Employers and jobseekers appear to place very different value on these skills-at least based on the signals they send. Employers often seek these skills in job postings but resumes show that most jobseekers claim very few of them.  It is not clear whether jobseekers do not possess these skills, or simply fail to emphasize them, but either way this mismatch between the skills signaled by jobseekers and the skill requirements signaled by employers strongly suggests that opportunities are being missed.

These skills will increase in value and importance as a person becomes more proficient and advance in their career.

Source: BHEF / Burning Glass

The Blended Digital Professional

The blended digital professional is someone who combines Human, Business Enabler, and Digital Building Block Skills with domain knowledge that is specific to a company, organization, or workforce.

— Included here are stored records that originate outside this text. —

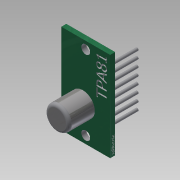
# Autodesk Inventor part: TPA81
Saved by Autodesk Inventor 2015 SP1 (Build 190203100, 203)
## iProperties
Created: 2015-01-28
Part Number: TPA81
Material: Generic
Document SubType Name: Modeling
Designer: Rafi Kurnia Putra
Density: 1 g/cm^3
Appearance: Default
Mass: 1.33618 g
Surface Area: 17.4789 cm^2
Volume: 1.33618 cm^3
Author: Rafi Kurnia Putra
Autodesk Inventor part; units mm, degrees
sketch "Sketch1" plane through (0, 0, 0) normal (0, 1, 0) x (-1, 0, 0)
  line L0 (8.3, 15.2) -> (-8.3, 15.2)
  line L1 (-8.3, 15.2) -> (-8.3, -15.2)
  line L2 (-8.3, -15.2) -> (8.3, -15.2)
  line L3 (8.3, -15.2) -> (8.3, 15.2)
  circle A0 centre (0, -12.66) radius 1.5
  circle A1 centre (0, 12.66) radius 1.5
  circle A2 centre (1, 3.9) radius 4.09
  point P0 (0, 0)
  dimension "d0" = 16.6
  dimension "d1" = 30.4
  dimension "d2" = 3
  dimension "d3" = 3
  dimension "d4" = 2.54
  dimension "d5" = 2.54
  dimension "d6" = 8.18
  dimension "d7" = 7.3
  dimension "d8" = 11.3
  constraints: 8 end point, 3 centre point, 2 parallel, 1 horizontal, 1 perpendicular
  measures "d0" distance of L2.end L1.end
  measures "d1" distance of L1.end L0.end
  measures "d2" diameter of A0
  measures "d3" diameter of A1
  measures "d4" distance from line of A1.centre L0
  measures "d5" distance from line of A0.centre L2
  measures "d6" diameter of A2
  measures "d7" distance from line of A2.centre L3
  measures "d8" distance from line of L0 A2.centre
extrude "Extrusion1" add sketch "Sketch1" along normal blind 1.7
extrude "Extrusion2" add sketch "Sketch1" along normal blind 10.5 contours A2
fillet "Fillet1" radius 1 1 edges at (3.09, 10.5, 3.9)
sketch "Sketch2" plane through (0, 1.7, 0) normal (0, 1, 0) x (1, 0, 0)
  line L0 (3.3822, -3.3689) -> (3.3822, 14.1226) construction
  line L1 (3.3822, 14.1226) -> (7.041, 14.1226) construction
  line L2 (7.041, 14.1226) -> (7.041, -3.3689) construction
  line L3 (7.041, -3.3689) -> (3.3822, -3.3689) construction
  point P0 (0, 0)
  constraints: 2 other
sketch "Sketch3" plane through (0, 0, 0) normal (0, -1, 0) x (1, 0, 0)
  circle A0 centre (5.76, 7.98) radius 0.5
  circle A1 centre (5.76, 5.44) radius 0.5
  circle A2 centre (5.76, 2.9) radius 0.5
  circle A3 centre (5.76, -2.18) radius 0.5
  circle A4 centre (5.76, -4.72) radius 0.5
  circle A5 centre (5.76, -7.26) radius 0.5
  circle A6 centre (5.76, -9.8) radius 0.5
  line L0 (8.3, 15.2) -> (8.3, -15.2) projected
  line L1 (8.3, -15.2) -> (-8.3, -15.2) projected
  circle A7 centre (5.76, 0.36) radius 0.5
  point P0 (0, 0)
  dimension "d30" = 1
  dimension "d31" = 1
  dimension "d32" = 1
  dimension "d33" = 1
  dimension "d34" = 1
  dimension "d35" = 1
  dimension "d36" = 1
  dimension "d37" = 2.54
  dimension "d38" = 2.54
  dimension "d39" = 2.54
  dimension "d40" = 2.54
  dimension "d41" = 2.54
  dimension "d43" = 2.54
  dimension "d44" = 5.4
  dimension "d47" = 1
  dimension "d48" = 2.54
  dimension "d49" = 2.54
  constraints: 8 centre point, 1 vertical alignment
  measures "d30" diameter of A0
  measures "d31" diameter of A1
  measures "d32" diameter of A2
  measures "d33" diameter of A3
  measures "d34" diameter of A4
  measures "d35" diameter of A5
  measures "d36" diameter of A6
  measures "d37" distance of A1.centre A0.centre
  measures "d38" distance of A1.centre A2.centre
  measures "d39" distance of A4.centre A3.centre
  measures "d40" distance of A4.centre A5.centre
  measures "d41" distance of A5.centre A6.centre
  measures "d43" distance from line of A6.centre L0
  measures "d44" distance from line of A6.centre L1
  measures "d47" diameter of A7
  measures "d48" distance of A7.centre A2.centre
  measures "d49" distance of A3.centre A7.centre
extrude "Extrusion3" add sketch "Sketch3" along normal blind 10 contours A0 | A1 | A2 | A3 | A4 | A5 | A6
extrude "Extrusion4" add sketch "Sketch3" along normal blind 10 contours A7
sketch "Sketch4" plane through (0, 1.7, 0) normal (0, 1, 0) x (1, 0, 0)
  line L0 (3.5532, 0.6031) -> (3.5532, 14.2089) construction
  line L1 (3.5532, 14.2089) -> (12.8953, 14.2089) construction
  line L2 (12.8953, 14.2089) -> (12.8953, 0.6031) construction
  line L3 (12.8953, 0.6031) -> (3.5532, 0.6031) construction
  line L4 (7.1326, 1.7745) -> (4.0467, 1.7745)
  line L5 (4.0467, 1.7745) -> (4.0467, 0.6003)
  line L6 (4.0467, 0.6003) -> (3.6326, 0.6003)
  line L7 (3.6326, 0.6003) -> (3.6326, 3.4139)
  line L8 (3.6326, 3.4139) -> (4.0467, 3.4139)
  line L9 (4.0467, 3.4139) -> (4.0467, 2.2397)
  line L10 (4.0467, 2.2397) -> (7.1326, 2.2397)
  line L11 (7.1326, 2.2397) -> (7.1326, 1.7745)
  spline S0 degree 2 poles (4.6877, 5.9807) (4.9146, 5.9807) (5.3231, 5.8191) (5.4649, 5.6744) knots 0 0 0 1 2 2 2
  spline S1 degree 2 poles (5.4649, 5.6744) (5.6436, 5.4929) (5.8279, 5.0022) (5.8279, 4.6278) knots 0 0 0 1 2 2 2
  line L12 (5.8279, 4.6278) -> (5.8279, 4.2336)
  line L13 (5.8279, 4.2336) -> (7.1326, 4.2336)
  line L14 (7.1326, 4.2336) -> (7.1326, 3.7684)
  line L15 (7.1326, 3.7684) -> (3.6326, 3.7684)
  line L16 (3.6326, 3.7684) -> (3.6326, 4.6477)
  spline S2 degree 2 poles (3.6326, 4.6477) (3.6326, 4.9597) (3.7347, 5.3965) (3.851, 5.5638) knots 0 0 0 1 2 2 2
  spline S3 degree 2 poles (3.851, 5.5638) (3.9843, 5.7595) (4.3956, 5.9807) (4.6877, 5.9807) knots 0 0 0 1 2 2 2
  spline S4 degree 2 poles (4.7019, 5.4957) (4.5204, 5.4957) (4.2538, 5.3709) (4.1687, 5.2433) knots 0 0 0 1 2 2 2
  spline S5 degree 2 poles (4.1687, 5.2433) (4.0949, 5.1327) (4.0354, 4.8377) (4.0354, 4.6193) knots 0 0 0 1 2 2 2
  line L17 (4.0354, 4.6193) -> (4.0354, 4.2336)
  line L18 (4.0354, 4.2336) -> (5.4308, 4.2336)
  line L19 (5.4308, 4.2336) -> (5.4308, 4.5512)
  spline S6 degree 2 poles (5.4308, 4.5512) (5.4308, 4.8349) (5.3401, 5.1837) (5.221, 5.2972) knots 0 0 0 1 2 2 2
  spline S7 degree 2 poles (5.221, 5.2972) (5.116, 5.4021) (4.8692, 5.4957) (4.7019, 5.4957) knots 0 0 0 1 2 2 2
  line L20 (7.1326, 6.046) -> (3.6326, 7.2259)
  line L21 (3.6326, 7.2259) -> (3.6326, 7.7988)
  line L22 (3.6326, 7.7988) -> (7.1326, 8.9787)
  line L23 (7.1326, 8.9787) -> (7.1326, 8.488)
  line L24 (7.1326, 8.488) -> (6.1541, 8.1704)
  line L25 (6.1541, 8.1704) -> (6.1541, 6.8345)
  line L26 (6.1541, 6.8345) -> (7.1326, 6.5168)
  line L27 (7.1326, 6.5168) -> (7.1326, 6.046)
  line L28 (5.757, 8.0427) -> (4.1091, 7.501)
  line L29 (4.1091, 7.501) -> (5.757, 6.9621)
  line L30 (5.757, 6.9621) -> (5.757, 8.0427)
  spline S8 degree 2 poles (7.212, 10.2692) (7.212, 10.0083) (7.056, 9.58) (6.9114, 9.4297) knots 0 0 0 1 2 2 2
  spline S9 degree 2 poles (6.9114, 9.4297) (6.7696, 9.2822) (6.3838, 9.129) (6.1654, 9.129) knots 0 0 0 1 2 2 2
  spline S10 degree 2 poles (6.1654, 9.129) (5.8818, 9.129) (5.4053, 9.4325) (5.2635, 9.7218) knots 0 0 0 1 2 2 2
  line L31 (5.2635, 9.7218) -> (5.2493, 9.7218)
  spline S11 degree 2 poles (5.2493, 9.7218) (5.099, 9.4637) (4.7416, 9.2141) (4.475, 9.2141) knots 0 0 0 1 2 2 2
  spline S12 degree 2 poles (4.475, 9.2141) (4.0808, 9.2141) (3.5532, 9.8098) (3.5532, 10.2692) knots 0 0 0 1 2 2 2
  spline S13 degree 2 poles (3.5532, 10.2692) (3.5532, 10.7457) (4.0524, 11.3215) (4.4438, 11.3215) knots 0 0 0 1 2 2 2
  spline S14 degree 2 poles (4.4438, 11.3215) (4.6792, 11.3215) (5.1387, 11.0464) (5.2692, 10.7883) knots 0 0 0 1 2 2 2
  line L32 (5.2692, 10.7883) -> (5.2834, 10.7883)
  spline S15 degree 2 poles (5.2834, 10.7883) (5.4252, 11.0946) (5.8336, 11.4094) (6.1569, 11.4094) knots 0 0 0 1 2 2 2
  spline S16 degree 2 poles (6.1569, 11.4094) (6.6051, 11.4094) (7.212, 10.7571) (7.212, 10.2692) knots 0 0 0 1 2 2 2
  spline S17 degree 2 poles (6.2023, 10.9273) (5.9868, 10.9273) (5.7315, 10.7571) (5.601, 10.516) knots 0 0 0 1 2 2 2
  spline S18 degree 2 poles (5.601, 10.516) (5.5556, 10.4366) (5.4507, 10.17) (5.3826, 10.0026) knots 0 0 0 1 2 2 2
  spline S19 degree 2 poles (5.3826, 10.0026) (5.5103, 9.8098) (5.8903, 9.6027) (6.1314, 9.6027) knots 0 0 0 1 2 2 2
  spline S20 degree 2 poles (6.1314, 9.6027) (6.4491, 9.6027) (6.8632, 9.9856) (6.8632, 10.2749) knots 0 0 0 1 2 2 2
  spline S21 degree 2 poles (6.8632, 10.2749) (6.8632, 10.5699) (6.5086, 10.9273) (6.2023, 10.9273) knots 0 0 0 1 2 2 2
  spline S22 degree 2 poles (4.4495, 10.862) (4.2141, 10.862) (3.8992, 10.5472) (3.8992, 10.2664) knots 0 0 0 1 2 2 2
  spline S23 degree 2 poles (3.8992, 10.2664) (3.8992, 10.0111) (4.18, 9.685) (4.4211, 9.685) knots 0 0 0 1 2 2 2
  spline S24 degree 2 poles (4.4211, 9.685) (4.5941, 9.685) (4.8352, 9.8523) (4.9316, 10.0196) knots 0 0 0 1 2 2 2
  spline S25 degree 2 poles (4.9316, 10.0196) (4.9714, 10.0905) (5.1103, 10.3912) (5.15, 10.5132) knots 0 0 0 1 2 2 2
  spline S26 degree 2 poles (5.15, 10.5132) (4.994, 10.7174) (4.6622, 10.862) (4.4495, 10.862) knots 0 0 0 1 2 2 2
  line L33 (7.1326, 13.8203) -> (7.1326, 12.1128)
  line L34 (7.1326, 12.1128) -> (6.7752, 12.1128)
  line L35 (6.7752, 12.1128) -> (6.7752, 12.7482)
  line L36 (6.7752, 12.7482) -> (4.4296, 12.7482)
  line L37 (4.4296, 12.7482) -> (4.4296, 12.1128)
  line L38 (4.4296, 12.1128) -> (4.1091, 12.1128)
  spline S27 degree 2 poles (4.1091, 12.1128) (4.1091, 12.473) (3.9049, 12.8134) (3.6213, 12.8361) knots 0 0 0 1 2 2 2
  line L39 (3.6213, 12.8361) -> (3.6213, 13.1991)
  line L40 (3.6213, 13.1991) -> (6.7752, 13.1991)
  line L41 (6.7752, 13.1991) -> (6.7752, 13.8203)
  line L42 (6.7752, 13.8203) -> (7.1326, 13.8203)
  point P0 (0, 0)
  constraints: 2 other
sketch "Sketch5" plane through (8.3, 0, 15.2) normal (1, 0, 0) x (0, 0, -1)
  line L0 (0.6114, 1.3065) -> (20.6329, 1.3065) construction
  line L1 (20.6329, 1.3065) -> (20.6329, -2.4459) construction
  line L2 (20.6329, -2.4459) -> (0.6114, -2.4459) construction
  line L3 (0.6114, -2.4459) -> (0.6114, 1.3065) construction
  line L4 (1.1009, 0.8705) -> (1.0944, 0.8705)
  spline S0 degree 2 poles (1.0944, 0.8705) (1.0798, 0.8746) (1.0482, 0.8762) (1.0263, 0.8762) knots 0 0 0 1 2 2 2
  spline S1 degree 2 poles (1.0263, 0.8762) (0.9753, 0.8762) (0.8748, 0.8316) (0.8294, 0.7879) knots 0 0 0 1 2 2 2
  line L5 (0.8294, 0.7879) -> (0.8294, 0.2554)
  line L6 (0.8294, 0.2554) -> (0.703, 0.2554)
  line L7 (0.703, 0.2554) -> (0.703, 1.0058)
  line L8 (0.703, 1.0058) -> (0.8294, 1.0058)
  line L9 (0.8294, 1.0058) -> (0.8294, 0.894)
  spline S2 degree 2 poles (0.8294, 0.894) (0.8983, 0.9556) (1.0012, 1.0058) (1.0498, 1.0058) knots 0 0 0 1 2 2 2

Competency or expertise in any of the three new foundational skill areas can be paired with domain-specific knowledge – in any sector of the economy, in a wide array of industries and workplaces – to create the role of a “blended digital professional.”

In this model, the three foundational skill areas provide the base of competency or expertise necessary to adapt to new domains, and to new jobs or opportunities, throughout one’s career.

Source: BHEF / Burning Glass

Recommendations for job seekers and employees

  • Recognize the importance of the New Foundational Skills for career adaptability and flexibility as technologies shift and job functions change. Continuously identify strategies to acquire essential skills.
  • Identify gaps in current knowledge around new foundational skill areas.
  • Develop strategies, using internal training, boot camps, or employers’ education benefits, to continuously acquire new skills.
  • Learn to effectively communicate with, and learn from, digitally savvy peers.
  • Position yourself for career growth by gaining experience with adjacent tasks and functions that require the development of new skills.
  • In resumes and other presentations, emphasize confirmed levels of competency, including certifications, in each of the three groups of New Foundational Skills.

Recommendations for employers

  • Aggressively signal skill demands and restructure their hiring plans to attract and develop talent and skills to power their digital business strategy.
  • Recognize that the New Foundational Skills are critical to core business activities and company competitiveness.
  • Ensure that all formal job postings include the New Foundational Skills as essential for the performance of job responsibilities.
  • Conduct periodic digital skills assessments and develop individualized learning plans for all job seekers and incumbent employees; engage learning and training partners in the use of these tools.
  • Seek new and more diverse sources of skills and talent, by leveraging the adjacent skills of both job seekers and incumbent workers.
  • Expressly develop work-based learning that expands opportunities to link learning to work and develop these skills in the workforce.
  • Communicate the role of these skills, and of these clusters of skills, to all levels of job seekers and incumbent employees, across companies and industries.
  • Work closely with higher education partners and other providers to coordinate goals and expectations for classroom learning, internships, job skills development, and work-based learning – particularly in technical programs seeking to develop Business Enabler Skills or Human Skills, and in liberal arts or general education programs hoping to stress Business Enabler Skills or Digital Building Block Skills as key skills of the future.